PABLO TORRE, BYLINE: They want to get rid of him as soon as possible. The problem is he is owed $61 million on that massive contract. And the Yankees, they already suspected and knew what Alex Rodriguez has admitted to. So they're basically hoping that he is too injured to play. If he is too injured to play, then they recoup 80 percent of that salary through insurance. So the Yankees are suddenly in the position of hoping for the worst medical outcome possible for A-Rod, which will make things very awkward in his final year as a New York Yankee.

INSKEEP: Well, help me understand that. From the Yankees' perspective, do they want him off the field because he's an embarrassment?

TORRE: They want him nowhere near the field. But the problem is they can't simply cut him because they're still going to pay that $61 million. So he's not going to play third base. Everybody in baseball thinks that. His preferred position will be gone. Best case scenario is that he is a DH or first baseman used very sparingly, if at all, off the bench. The optimal world, though, would be him not being on the field ever, at all.

INSKEEP: And is that purely because of the alleged drug use but also because, honestly, his performance had deteriorated in recent years, and nobody knows whether he'd be very valuable anyway?

TORRE: That's right. He hasn't played a full season since 2007. And his performance since then has been spotty at best. And it's - the drug testing is certainly the huge element of it. But it's also just the fact that A-Rod as a character is officially the most villainous man in Major League Baseball. Nobody very much likes A-Rod - certainly not the fans, certainly not the front office. And so he's off on an island by himself.

INSKEEP: So A-Rod, maybe, is a symptom of broader problems with the New York Yankees. Here you have this star player who was brought in, who never really quite lived up to the expectations that he was brought to New York to fulfill. You've got a team that's aging anyway. You've got a team that's lost Derek Jeter. What's in store for the Yankees in the coming season whether A-Rod is on the field or not?

TORRE: The Yankees - let's keep in mind, the Yankees finished 12 games behind the Baltimore Orioles last year despite having this massive payroll. They are rapidly aging. Derek Jeter's departure, as symbolic and as defining as it was for the Yankees' previous season, basically was the turning of the page. We are going to meet a New York Yankees team that a lot of us, quite frankly, don't really know. And we don't really know what to expect. They don't have the prospects on the horizon that you'd expect of a flourishing minor league system.

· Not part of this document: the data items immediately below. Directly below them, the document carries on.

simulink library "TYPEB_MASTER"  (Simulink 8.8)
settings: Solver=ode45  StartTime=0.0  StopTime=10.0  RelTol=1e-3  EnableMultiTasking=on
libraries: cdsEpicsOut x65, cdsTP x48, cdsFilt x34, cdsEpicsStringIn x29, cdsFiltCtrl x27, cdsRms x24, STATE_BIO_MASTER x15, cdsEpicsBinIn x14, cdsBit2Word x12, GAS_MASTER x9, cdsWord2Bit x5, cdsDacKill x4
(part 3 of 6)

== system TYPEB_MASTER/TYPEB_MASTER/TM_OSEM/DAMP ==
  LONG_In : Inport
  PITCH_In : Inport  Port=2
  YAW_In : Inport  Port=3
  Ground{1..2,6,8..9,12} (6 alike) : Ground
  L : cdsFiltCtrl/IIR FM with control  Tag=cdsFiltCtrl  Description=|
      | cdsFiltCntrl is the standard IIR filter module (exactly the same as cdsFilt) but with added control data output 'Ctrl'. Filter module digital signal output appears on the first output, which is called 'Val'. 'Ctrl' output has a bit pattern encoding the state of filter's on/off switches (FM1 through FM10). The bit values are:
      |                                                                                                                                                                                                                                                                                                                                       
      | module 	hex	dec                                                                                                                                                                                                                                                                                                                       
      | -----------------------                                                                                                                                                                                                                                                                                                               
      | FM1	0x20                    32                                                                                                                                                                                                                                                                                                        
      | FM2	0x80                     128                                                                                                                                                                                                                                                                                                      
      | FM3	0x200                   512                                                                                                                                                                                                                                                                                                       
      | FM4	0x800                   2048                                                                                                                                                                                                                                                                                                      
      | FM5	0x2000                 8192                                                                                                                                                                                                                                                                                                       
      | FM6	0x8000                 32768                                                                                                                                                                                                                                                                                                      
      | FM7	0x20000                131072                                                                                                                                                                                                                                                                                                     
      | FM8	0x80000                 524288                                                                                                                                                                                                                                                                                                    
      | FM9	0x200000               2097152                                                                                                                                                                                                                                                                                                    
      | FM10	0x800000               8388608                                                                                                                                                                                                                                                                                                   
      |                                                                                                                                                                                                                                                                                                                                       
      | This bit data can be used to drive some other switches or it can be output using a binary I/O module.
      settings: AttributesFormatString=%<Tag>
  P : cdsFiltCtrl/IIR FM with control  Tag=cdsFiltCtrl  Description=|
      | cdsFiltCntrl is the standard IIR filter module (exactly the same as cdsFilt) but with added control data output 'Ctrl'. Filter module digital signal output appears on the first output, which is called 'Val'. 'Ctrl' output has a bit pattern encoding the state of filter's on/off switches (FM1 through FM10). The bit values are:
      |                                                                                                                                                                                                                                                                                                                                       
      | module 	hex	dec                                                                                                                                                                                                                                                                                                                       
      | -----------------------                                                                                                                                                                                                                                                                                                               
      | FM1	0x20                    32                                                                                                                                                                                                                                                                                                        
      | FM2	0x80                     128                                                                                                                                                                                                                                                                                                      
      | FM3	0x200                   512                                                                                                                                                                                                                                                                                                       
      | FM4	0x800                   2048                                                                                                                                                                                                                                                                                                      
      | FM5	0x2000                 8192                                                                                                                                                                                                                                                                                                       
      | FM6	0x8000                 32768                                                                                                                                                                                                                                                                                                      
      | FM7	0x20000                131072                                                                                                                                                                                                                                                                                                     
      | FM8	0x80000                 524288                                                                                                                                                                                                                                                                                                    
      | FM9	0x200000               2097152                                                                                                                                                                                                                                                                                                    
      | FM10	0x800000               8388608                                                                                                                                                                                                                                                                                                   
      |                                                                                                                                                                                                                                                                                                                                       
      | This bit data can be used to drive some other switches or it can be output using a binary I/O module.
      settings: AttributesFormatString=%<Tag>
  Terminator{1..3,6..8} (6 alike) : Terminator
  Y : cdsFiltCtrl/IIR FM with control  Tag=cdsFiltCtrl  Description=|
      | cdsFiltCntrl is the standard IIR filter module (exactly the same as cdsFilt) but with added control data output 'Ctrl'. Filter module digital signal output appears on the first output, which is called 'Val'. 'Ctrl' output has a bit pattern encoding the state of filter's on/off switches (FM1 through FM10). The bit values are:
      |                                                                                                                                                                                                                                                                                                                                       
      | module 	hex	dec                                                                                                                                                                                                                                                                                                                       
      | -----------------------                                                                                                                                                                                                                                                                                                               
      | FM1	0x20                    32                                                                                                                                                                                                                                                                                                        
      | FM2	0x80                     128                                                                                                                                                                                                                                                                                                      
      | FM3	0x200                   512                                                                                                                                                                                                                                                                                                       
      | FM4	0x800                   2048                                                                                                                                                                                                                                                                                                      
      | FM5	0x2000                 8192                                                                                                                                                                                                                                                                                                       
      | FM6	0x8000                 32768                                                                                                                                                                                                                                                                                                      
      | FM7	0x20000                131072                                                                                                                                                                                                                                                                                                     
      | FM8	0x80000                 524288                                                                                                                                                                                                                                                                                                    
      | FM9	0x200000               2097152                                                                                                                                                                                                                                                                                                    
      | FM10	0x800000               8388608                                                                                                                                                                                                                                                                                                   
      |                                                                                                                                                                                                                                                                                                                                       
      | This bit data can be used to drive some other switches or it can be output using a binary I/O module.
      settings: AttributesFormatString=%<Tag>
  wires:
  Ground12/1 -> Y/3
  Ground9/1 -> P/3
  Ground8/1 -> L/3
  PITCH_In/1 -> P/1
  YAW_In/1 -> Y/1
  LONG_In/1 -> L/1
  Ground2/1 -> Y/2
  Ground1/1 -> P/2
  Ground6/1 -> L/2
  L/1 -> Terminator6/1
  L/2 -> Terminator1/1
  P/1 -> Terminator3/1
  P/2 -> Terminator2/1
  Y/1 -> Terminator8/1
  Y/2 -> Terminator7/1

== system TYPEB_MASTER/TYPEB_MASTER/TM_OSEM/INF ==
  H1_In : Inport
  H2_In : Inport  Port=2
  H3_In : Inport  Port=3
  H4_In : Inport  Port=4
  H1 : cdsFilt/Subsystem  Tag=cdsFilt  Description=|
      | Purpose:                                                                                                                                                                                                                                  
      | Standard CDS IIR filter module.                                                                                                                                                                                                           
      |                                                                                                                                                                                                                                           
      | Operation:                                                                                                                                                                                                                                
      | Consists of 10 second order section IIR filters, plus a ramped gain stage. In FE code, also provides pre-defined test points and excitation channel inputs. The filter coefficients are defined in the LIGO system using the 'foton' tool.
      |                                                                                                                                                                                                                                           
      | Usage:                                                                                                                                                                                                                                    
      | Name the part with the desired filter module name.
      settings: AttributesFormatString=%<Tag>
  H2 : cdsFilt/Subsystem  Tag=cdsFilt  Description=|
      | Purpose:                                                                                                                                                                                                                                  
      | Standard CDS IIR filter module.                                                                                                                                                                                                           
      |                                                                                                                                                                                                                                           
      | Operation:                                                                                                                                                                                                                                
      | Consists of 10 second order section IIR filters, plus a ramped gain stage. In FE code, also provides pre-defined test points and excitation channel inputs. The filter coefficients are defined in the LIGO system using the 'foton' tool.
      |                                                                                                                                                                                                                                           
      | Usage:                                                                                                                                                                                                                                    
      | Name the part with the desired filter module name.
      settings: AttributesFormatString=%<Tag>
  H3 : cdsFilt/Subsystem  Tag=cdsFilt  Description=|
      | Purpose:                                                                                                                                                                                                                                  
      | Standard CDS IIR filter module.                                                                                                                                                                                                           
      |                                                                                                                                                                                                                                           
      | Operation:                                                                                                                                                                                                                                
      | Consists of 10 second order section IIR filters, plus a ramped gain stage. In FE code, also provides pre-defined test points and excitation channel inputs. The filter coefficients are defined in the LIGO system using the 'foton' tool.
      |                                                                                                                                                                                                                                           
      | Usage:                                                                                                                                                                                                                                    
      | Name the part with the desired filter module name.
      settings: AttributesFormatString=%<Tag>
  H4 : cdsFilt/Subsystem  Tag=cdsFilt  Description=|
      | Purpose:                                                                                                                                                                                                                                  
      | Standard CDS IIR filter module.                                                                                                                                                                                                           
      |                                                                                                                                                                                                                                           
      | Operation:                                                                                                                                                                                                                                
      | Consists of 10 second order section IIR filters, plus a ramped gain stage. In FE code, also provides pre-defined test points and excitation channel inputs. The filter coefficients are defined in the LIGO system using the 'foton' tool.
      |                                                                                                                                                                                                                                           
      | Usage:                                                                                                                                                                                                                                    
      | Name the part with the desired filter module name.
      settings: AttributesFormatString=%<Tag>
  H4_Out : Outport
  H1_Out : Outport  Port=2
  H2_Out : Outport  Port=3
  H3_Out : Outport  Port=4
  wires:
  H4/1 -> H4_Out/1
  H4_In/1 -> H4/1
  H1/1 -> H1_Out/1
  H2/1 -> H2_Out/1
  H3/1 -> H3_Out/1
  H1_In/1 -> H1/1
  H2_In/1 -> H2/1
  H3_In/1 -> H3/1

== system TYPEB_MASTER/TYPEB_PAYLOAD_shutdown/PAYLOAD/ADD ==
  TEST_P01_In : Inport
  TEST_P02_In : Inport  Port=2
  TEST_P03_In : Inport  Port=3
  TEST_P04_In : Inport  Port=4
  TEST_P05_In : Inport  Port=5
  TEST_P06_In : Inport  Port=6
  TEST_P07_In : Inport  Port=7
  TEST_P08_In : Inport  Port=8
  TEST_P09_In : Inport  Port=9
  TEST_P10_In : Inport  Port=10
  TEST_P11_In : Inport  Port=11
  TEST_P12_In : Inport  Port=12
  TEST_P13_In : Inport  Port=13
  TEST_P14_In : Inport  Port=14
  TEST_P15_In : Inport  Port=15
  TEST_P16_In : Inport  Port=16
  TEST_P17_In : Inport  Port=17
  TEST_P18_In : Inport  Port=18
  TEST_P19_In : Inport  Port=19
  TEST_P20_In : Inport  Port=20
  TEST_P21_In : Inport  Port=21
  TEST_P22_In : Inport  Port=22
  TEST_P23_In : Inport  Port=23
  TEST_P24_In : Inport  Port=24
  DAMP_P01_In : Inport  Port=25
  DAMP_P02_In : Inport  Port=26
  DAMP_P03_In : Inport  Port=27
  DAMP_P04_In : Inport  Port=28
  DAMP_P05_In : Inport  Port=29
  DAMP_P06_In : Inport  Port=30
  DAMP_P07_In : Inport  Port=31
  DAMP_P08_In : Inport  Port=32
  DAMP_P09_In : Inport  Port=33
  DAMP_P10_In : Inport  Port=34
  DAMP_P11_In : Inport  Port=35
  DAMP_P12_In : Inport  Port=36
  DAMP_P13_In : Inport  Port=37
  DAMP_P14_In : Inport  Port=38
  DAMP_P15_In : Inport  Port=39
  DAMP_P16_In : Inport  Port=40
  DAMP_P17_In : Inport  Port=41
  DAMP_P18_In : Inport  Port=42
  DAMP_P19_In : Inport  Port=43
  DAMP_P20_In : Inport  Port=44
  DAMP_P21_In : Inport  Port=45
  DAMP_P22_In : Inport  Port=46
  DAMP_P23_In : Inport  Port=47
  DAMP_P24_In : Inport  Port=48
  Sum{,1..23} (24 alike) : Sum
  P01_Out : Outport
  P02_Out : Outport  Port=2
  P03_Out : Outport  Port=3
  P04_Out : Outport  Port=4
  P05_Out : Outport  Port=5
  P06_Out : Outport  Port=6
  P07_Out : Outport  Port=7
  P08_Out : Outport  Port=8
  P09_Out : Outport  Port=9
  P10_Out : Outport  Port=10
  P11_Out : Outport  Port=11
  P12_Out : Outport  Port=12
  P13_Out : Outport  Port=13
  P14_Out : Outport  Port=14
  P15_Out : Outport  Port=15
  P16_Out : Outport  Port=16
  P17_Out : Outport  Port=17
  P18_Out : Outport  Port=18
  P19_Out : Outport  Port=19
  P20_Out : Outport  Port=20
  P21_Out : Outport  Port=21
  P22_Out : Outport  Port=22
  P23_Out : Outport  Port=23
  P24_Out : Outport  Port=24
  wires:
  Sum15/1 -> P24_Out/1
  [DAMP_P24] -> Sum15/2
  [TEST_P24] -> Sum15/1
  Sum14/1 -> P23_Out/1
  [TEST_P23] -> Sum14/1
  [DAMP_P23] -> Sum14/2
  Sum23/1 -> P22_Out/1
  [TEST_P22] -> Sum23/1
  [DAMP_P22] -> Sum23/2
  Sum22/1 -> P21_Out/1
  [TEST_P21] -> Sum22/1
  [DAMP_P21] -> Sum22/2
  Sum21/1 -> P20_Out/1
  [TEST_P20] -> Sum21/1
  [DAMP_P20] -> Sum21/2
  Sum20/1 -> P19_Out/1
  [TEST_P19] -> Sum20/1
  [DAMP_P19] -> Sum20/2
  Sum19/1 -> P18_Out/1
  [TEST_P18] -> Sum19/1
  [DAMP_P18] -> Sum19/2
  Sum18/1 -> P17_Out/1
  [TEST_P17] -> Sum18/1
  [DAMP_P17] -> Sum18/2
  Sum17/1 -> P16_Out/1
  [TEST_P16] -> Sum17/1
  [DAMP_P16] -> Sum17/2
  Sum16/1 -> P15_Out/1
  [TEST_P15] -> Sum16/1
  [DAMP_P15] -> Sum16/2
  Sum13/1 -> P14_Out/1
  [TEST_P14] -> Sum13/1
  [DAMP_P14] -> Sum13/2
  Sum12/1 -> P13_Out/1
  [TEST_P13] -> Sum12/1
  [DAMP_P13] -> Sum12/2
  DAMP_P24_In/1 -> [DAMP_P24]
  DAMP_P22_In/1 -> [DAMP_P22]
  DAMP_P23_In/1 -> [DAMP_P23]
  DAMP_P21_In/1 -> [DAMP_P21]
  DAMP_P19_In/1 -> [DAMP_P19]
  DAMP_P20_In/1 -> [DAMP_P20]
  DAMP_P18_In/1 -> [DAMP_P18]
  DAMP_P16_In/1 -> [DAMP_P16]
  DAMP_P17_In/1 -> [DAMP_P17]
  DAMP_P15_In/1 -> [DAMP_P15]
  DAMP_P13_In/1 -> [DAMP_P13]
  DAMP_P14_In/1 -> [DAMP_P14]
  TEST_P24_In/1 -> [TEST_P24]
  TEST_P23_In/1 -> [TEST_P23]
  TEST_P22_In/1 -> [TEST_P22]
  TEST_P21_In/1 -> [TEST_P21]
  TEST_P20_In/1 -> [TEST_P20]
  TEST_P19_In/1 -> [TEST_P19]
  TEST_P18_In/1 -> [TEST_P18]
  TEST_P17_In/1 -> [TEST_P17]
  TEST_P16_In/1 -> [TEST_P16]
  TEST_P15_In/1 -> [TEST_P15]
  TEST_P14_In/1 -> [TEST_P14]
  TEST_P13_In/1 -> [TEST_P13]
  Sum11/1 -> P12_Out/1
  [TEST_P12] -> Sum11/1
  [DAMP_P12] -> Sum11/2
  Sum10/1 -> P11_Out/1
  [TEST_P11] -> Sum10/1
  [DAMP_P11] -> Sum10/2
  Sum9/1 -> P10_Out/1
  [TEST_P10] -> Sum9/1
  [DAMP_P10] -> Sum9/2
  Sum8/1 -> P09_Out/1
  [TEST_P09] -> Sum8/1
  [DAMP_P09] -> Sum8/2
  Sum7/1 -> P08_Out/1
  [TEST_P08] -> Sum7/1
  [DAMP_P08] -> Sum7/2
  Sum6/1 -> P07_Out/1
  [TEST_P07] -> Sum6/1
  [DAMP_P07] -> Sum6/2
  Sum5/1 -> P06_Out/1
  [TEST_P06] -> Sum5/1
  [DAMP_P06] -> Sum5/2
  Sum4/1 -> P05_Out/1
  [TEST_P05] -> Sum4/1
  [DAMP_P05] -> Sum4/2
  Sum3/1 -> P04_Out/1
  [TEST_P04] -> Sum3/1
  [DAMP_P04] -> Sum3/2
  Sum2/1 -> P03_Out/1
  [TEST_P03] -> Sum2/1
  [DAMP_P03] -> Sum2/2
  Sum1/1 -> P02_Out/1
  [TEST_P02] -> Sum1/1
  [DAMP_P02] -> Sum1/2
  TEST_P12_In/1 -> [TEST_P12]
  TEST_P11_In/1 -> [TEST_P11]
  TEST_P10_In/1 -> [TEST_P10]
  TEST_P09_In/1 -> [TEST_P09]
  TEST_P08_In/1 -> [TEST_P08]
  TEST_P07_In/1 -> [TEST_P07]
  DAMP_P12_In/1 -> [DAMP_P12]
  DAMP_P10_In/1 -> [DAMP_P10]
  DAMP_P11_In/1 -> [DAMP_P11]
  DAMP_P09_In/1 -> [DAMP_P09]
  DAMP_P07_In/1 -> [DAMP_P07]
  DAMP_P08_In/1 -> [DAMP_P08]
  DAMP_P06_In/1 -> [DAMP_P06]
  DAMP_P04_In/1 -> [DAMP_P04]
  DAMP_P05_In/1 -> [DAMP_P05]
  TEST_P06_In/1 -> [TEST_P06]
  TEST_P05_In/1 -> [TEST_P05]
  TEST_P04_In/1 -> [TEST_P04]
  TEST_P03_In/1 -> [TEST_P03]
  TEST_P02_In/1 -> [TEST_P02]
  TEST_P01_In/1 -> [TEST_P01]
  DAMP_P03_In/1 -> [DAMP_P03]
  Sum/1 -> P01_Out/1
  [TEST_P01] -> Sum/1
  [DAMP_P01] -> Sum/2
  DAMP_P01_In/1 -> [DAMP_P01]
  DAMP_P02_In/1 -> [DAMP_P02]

INSKEEP: I'm wondering if we're heading into another one of these periods, of which there have been a few in Yankees history, where they're just a very, very bad team for all the money.

TORRE: Absolutely. I think this is one of those in-between dynasty periods. If you're a Yankee optimist, that's what you're thinking. You're thinking that this is the transition period. We're getting rid of everybody who we knew and loved, and including those who we loved less, like A-Rod. And we're trying to turn the page. But if you look at this roster and you go position by position - Brendan Ryan at shortstop. That is who's starting for the New York Yankees. That alone is a very jarring experience to so many baseball fans out there.

INSKEEP: Yeah, like, you've got to say who? Who?

TORRE: Yeah.

INSKEEP: Pablo Torre of ESPN, thanks very much.